About this exercise
Beneath this instruction is a block of data; output from it exactly the lines that run from the one containing "RopodProcessWheelSensorData/1(odom_robot_pose) -> to_ROS" through the one containing "Subsystem/1(ropod_kin_param) -> [ropod_kin_param]", inclusive.

START Data under study

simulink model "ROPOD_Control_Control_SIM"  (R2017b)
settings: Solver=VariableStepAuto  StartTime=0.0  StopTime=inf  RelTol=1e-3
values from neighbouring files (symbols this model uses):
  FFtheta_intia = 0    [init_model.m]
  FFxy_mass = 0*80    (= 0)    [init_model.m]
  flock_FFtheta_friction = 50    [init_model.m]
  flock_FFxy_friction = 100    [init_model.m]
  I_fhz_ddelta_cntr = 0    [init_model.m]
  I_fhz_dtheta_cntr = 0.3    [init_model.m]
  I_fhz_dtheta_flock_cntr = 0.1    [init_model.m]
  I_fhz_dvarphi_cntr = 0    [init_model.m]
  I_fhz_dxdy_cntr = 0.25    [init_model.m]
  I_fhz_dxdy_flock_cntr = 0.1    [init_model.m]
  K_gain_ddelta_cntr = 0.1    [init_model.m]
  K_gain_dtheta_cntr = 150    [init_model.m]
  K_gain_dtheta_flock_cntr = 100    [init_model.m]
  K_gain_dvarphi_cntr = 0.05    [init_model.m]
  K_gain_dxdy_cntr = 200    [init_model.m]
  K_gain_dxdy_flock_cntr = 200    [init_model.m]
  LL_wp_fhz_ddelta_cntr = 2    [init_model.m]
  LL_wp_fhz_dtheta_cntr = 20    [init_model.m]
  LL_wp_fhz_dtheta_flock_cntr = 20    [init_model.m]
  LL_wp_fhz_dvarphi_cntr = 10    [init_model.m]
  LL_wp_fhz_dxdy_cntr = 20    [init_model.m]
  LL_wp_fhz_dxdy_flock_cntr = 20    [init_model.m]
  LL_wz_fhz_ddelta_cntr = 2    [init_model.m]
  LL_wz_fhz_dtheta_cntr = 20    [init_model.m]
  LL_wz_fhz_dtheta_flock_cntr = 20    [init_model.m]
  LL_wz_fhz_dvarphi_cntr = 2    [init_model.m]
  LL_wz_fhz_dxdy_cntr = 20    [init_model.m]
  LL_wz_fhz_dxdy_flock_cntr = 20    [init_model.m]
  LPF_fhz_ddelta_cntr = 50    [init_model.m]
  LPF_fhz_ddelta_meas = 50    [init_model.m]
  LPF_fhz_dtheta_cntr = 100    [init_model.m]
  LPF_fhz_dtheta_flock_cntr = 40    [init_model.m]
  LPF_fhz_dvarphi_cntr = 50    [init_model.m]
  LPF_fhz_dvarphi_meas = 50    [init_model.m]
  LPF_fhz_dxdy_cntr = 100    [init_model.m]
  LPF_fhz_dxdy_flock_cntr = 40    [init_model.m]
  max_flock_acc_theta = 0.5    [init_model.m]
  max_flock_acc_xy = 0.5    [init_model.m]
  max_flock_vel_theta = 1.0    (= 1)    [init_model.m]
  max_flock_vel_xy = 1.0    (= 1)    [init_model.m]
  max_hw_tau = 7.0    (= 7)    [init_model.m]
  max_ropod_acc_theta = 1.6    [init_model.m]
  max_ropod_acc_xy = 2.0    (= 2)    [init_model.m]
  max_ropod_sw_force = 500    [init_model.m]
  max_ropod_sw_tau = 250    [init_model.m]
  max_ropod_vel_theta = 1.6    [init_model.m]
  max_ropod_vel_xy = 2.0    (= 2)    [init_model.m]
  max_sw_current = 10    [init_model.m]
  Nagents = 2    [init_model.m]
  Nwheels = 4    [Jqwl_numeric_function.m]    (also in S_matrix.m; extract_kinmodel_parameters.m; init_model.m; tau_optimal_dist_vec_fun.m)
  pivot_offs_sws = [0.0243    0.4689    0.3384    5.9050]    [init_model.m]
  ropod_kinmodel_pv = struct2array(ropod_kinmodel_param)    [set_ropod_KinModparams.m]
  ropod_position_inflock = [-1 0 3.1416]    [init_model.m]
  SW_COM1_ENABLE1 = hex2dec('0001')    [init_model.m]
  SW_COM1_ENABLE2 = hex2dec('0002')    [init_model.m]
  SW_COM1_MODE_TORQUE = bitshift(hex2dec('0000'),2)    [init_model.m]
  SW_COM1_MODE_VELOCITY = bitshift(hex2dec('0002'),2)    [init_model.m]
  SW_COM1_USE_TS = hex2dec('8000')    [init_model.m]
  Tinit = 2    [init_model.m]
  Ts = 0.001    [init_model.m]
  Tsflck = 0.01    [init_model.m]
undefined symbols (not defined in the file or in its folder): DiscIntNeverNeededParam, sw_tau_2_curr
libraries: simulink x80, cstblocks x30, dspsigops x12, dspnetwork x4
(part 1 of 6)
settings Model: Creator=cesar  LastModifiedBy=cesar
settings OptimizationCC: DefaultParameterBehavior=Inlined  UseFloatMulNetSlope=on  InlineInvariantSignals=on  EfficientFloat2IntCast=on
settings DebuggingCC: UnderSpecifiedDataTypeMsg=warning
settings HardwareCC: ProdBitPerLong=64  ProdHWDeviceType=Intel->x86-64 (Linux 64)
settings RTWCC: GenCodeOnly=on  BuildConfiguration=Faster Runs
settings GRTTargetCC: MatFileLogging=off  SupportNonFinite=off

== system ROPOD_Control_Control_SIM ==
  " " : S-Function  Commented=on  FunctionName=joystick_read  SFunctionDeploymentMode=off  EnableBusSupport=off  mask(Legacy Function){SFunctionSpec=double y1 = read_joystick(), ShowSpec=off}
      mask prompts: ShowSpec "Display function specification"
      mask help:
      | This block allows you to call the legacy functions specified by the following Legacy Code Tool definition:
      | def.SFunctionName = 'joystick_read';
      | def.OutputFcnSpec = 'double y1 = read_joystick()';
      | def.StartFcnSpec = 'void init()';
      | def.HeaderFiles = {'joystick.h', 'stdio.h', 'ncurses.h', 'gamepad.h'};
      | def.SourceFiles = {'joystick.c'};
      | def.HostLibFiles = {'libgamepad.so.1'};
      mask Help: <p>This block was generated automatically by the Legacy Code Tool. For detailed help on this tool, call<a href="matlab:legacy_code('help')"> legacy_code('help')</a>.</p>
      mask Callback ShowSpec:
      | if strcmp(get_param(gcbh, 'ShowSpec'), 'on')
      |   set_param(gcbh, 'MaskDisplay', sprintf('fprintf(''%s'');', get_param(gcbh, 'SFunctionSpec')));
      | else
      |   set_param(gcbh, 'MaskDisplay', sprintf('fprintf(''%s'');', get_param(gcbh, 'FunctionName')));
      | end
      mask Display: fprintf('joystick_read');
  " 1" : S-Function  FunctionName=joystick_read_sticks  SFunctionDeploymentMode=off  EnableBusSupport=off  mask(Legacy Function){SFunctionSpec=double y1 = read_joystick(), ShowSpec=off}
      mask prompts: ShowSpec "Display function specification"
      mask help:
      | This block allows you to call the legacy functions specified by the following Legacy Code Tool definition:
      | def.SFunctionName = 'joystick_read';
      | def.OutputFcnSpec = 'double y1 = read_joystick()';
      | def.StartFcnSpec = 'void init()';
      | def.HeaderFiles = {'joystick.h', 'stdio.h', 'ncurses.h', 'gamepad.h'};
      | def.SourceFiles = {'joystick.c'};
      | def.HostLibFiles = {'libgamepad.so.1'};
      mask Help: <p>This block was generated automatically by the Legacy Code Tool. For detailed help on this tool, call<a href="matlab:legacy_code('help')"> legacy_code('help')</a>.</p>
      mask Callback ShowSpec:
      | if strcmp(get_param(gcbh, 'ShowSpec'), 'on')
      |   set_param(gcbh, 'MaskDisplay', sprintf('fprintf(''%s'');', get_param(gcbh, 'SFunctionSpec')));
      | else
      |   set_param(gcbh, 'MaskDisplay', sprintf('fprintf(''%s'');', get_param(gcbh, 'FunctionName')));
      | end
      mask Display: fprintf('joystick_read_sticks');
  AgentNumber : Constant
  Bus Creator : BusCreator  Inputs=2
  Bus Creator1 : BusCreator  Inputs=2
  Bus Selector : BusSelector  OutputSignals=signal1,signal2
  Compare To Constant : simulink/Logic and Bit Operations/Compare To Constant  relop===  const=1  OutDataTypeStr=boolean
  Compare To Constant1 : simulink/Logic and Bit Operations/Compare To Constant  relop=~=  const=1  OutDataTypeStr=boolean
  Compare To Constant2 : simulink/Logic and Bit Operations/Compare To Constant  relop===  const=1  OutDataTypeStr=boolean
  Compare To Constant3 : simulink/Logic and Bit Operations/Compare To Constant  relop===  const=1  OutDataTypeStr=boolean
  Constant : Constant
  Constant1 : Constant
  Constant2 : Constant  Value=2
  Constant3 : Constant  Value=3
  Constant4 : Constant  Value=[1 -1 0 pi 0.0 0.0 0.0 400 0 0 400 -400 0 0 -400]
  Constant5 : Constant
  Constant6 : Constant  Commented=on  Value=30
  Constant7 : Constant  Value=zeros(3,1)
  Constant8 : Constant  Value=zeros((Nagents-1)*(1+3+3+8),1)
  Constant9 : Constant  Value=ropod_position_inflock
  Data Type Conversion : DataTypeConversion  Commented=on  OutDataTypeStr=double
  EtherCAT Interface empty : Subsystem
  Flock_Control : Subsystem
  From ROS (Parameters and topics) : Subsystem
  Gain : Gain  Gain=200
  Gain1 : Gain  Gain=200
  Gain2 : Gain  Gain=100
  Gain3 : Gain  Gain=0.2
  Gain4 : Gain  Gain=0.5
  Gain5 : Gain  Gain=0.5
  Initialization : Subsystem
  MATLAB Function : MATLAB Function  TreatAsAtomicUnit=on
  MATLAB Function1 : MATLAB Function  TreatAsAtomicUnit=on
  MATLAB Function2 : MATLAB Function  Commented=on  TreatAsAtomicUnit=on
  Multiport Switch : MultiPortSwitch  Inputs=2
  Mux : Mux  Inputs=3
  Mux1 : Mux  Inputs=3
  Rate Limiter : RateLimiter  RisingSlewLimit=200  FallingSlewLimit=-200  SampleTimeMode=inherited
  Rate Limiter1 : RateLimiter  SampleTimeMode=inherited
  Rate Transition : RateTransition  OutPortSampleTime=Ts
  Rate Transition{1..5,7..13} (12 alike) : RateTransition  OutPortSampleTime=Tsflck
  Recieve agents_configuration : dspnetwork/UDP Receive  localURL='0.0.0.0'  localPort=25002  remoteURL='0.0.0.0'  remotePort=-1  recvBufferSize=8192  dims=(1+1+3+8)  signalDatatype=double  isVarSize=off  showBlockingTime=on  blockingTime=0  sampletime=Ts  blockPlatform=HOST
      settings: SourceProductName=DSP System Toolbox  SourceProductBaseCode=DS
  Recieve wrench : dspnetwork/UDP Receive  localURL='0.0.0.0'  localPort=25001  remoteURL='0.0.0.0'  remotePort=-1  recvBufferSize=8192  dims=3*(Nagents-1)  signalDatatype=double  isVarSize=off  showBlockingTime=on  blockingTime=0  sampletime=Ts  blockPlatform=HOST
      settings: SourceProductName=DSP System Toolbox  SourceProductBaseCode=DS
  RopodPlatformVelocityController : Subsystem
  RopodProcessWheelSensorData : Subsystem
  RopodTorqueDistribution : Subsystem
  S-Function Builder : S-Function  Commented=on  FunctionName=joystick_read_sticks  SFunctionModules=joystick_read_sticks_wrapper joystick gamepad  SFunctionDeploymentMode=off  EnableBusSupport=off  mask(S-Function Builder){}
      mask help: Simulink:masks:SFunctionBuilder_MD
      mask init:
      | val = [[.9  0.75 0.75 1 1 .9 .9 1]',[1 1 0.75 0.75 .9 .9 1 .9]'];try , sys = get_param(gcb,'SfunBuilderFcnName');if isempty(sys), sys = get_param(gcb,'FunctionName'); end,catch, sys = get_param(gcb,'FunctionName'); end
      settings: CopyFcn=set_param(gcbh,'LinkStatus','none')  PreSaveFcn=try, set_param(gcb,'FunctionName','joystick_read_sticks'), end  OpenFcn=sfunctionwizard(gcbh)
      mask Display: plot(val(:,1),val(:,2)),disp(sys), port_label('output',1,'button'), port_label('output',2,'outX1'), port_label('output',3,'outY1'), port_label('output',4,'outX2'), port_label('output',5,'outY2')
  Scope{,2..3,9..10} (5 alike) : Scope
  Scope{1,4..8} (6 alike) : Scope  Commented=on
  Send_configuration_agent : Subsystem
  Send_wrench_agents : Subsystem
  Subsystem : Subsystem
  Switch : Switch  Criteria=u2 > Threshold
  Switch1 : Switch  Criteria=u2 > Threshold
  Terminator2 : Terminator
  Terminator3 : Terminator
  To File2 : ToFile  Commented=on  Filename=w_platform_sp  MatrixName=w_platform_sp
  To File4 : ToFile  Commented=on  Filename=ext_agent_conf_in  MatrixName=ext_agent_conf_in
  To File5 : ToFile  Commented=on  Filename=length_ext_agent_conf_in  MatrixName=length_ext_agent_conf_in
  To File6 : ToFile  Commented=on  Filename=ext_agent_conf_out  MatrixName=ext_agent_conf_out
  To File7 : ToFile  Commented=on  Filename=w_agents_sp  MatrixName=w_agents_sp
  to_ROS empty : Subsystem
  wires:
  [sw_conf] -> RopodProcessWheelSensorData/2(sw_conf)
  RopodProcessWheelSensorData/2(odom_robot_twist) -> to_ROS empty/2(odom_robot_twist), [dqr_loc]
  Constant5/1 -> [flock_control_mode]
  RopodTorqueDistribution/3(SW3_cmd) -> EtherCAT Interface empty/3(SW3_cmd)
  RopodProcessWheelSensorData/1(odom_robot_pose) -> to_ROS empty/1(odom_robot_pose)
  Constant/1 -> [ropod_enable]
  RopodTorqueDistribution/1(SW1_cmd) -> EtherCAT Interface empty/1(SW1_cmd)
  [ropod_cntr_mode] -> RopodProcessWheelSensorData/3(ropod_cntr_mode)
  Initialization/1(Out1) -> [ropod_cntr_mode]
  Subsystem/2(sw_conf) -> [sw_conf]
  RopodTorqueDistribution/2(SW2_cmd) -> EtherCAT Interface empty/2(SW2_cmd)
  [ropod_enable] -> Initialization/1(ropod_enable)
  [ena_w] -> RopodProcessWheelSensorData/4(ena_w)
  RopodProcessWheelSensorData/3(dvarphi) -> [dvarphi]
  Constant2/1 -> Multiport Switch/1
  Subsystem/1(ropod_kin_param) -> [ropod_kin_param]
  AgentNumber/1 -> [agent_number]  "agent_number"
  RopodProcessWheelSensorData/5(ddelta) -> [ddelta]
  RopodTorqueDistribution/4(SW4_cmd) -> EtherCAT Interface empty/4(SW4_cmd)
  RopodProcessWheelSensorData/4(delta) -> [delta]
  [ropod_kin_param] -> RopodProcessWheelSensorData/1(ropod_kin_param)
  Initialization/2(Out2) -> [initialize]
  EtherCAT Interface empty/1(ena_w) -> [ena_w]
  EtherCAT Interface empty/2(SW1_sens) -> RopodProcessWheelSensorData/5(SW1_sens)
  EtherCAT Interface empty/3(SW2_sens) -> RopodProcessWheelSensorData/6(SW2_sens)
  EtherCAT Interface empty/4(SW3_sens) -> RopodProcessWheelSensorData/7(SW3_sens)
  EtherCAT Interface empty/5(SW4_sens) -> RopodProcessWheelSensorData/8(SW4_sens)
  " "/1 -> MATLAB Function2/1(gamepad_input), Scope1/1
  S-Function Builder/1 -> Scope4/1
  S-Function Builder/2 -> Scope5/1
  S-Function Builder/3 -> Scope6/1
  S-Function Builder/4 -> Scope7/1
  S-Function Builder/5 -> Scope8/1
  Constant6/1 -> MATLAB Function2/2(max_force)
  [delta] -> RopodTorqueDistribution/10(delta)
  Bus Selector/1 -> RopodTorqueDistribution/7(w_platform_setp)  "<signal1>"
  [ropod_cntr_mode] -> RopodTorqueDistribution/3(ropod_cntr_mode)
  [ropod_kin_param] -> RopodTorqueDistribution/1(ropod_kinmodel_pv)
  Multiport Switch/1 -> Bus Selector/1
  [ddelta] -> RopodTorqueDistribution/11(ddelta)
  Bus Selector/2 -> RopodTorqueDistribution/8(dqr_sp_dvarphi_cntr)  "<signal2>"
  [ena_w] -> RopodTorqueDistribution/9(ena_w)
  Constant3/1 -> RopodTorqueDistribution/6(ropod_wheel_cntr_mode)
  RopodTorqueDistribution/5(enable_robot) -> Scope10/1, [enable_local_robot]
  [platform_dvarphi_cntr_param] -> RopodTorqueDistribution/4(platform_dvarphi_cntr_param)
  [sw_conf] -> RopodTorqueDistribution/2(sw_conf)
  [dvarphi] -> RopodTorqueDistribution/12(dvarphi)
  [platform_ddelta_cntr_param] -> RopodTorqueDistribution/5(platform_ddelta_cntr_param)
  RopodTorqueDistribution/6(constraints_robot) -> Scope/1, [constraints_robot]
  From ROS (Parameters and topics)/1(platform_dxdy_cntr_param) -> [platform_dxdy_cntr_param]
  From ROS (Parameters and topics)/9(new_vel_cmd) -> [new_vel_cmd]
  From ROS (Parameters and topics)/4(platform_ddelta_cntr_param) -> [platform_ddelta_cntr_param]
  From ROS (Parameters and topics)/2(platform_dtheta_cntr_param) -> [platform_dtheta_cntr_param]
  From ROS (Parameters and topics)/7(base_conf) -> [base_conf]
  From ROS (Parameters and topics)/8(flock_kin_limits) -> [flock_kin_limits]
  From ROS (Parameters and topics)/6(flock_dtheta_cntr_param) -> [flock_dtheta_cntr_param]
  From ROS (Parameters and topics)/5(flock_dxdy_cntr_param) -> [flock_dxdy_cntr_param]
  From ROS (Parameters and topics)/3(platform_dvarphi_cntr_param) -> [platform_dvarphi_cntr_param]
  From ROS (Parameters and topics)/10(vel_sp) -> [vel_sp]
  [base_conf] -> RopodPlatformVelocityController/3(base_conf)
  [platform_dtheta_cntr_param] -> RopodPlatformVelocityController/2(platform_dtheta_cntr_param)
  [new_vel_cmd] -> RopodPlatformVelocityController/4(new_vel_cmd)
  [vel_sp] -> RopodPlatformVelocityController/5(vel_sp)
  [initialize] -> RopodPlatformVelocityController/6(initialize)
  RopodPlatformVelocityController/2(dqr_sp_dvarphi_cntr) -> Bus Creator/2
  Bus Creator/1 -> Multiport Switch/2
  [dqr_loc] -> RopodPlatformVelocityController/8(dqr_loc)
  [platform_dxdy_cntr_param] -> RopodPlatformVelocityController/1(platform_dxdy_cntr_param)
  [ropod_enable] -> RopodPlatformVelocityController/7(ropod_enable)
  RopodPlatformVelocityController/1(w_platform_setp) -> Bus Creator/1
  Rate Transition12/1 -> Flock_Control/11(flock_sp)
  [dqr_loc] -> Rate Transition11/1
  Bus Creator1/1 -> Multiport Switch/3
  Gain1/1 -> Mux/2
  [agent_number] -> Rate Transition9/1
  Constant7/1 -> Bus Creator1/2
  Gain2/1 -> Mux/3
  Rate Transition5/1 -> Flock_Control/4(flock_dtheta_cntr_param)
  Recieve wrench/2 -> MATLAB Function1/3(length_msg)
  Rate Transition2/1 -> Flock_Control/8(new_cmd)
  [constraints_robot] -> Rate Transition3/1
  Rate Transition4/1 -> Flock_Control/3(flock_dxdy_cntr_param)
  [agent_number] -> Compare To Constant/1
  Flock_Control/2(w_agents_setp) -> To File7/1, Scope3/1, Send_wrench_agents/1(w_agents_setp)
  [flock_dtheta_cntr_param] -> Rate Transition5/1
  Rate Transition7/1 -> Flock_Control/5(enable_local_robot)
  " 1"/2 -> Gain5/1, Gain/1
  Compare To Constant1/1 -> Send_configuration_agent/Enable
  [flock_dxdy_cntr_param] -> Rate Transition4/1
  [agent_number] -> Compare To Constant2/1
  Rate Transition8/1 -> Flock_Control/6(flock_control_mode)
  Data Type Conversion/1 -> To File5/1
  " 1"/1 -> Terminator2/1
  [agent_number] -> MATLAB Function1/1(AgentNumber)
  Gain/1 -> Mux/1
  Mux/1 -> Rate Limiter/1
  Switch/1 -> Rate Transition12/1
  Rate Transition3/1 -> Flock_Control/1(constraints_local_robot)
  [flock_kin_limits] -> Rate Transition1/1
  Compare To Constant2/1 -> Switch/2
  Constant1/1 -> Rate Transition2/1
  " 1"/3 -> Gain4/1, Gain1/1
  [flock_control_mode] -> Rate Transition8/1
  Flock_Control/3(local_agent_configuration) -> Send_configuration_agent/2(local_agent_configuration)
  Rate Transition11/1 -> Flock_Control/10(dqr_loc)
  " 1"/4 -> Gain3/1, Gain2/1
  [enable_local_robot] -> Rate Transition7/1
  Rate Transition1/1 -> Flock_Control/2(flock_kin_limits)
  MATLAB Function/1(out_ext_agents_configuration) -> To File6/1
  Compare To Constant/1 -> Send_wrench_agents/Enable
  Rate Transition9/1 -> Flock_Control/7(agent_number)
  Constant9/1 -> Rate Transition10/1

END Data under study

Task solution
  RopodProcessWheelSensorData/1(odom_robot_pose) -> to_ROS empty/1(odom_robot_pose)
  Constant/1 -> [ropod_enable]
  RopodTorqueDistribution/1(SW1_cmd) -> EtherCAT Interface empty/1(SW1_cmd)
  [ropod_cntr_mode] -> RopodProcessWheelSensorData/3(ropod_cntr_mode)
  Initialization/1(Out1) -> [ropod_cntr_mode]
  Subsystem/2(sw_conf) -> [sw_conf]
  RopodTorqueDistribution/2(SW2_cmd) -> EtherCAT Interface empty/2(SW2_cmd)
  [ropod_enable] -> Initialization/1(ropod_enable)
  [ena_w] -> RopodProcessWheelSensorData/4(ena_w)
  RopodProcessWheelSensorData/3(dvarphi) -> [dvarphi]
  Constant2/1 -> Multiport Switch/1
  Subsystem/1(ropod_kin_param) -> [ropod_kin_param]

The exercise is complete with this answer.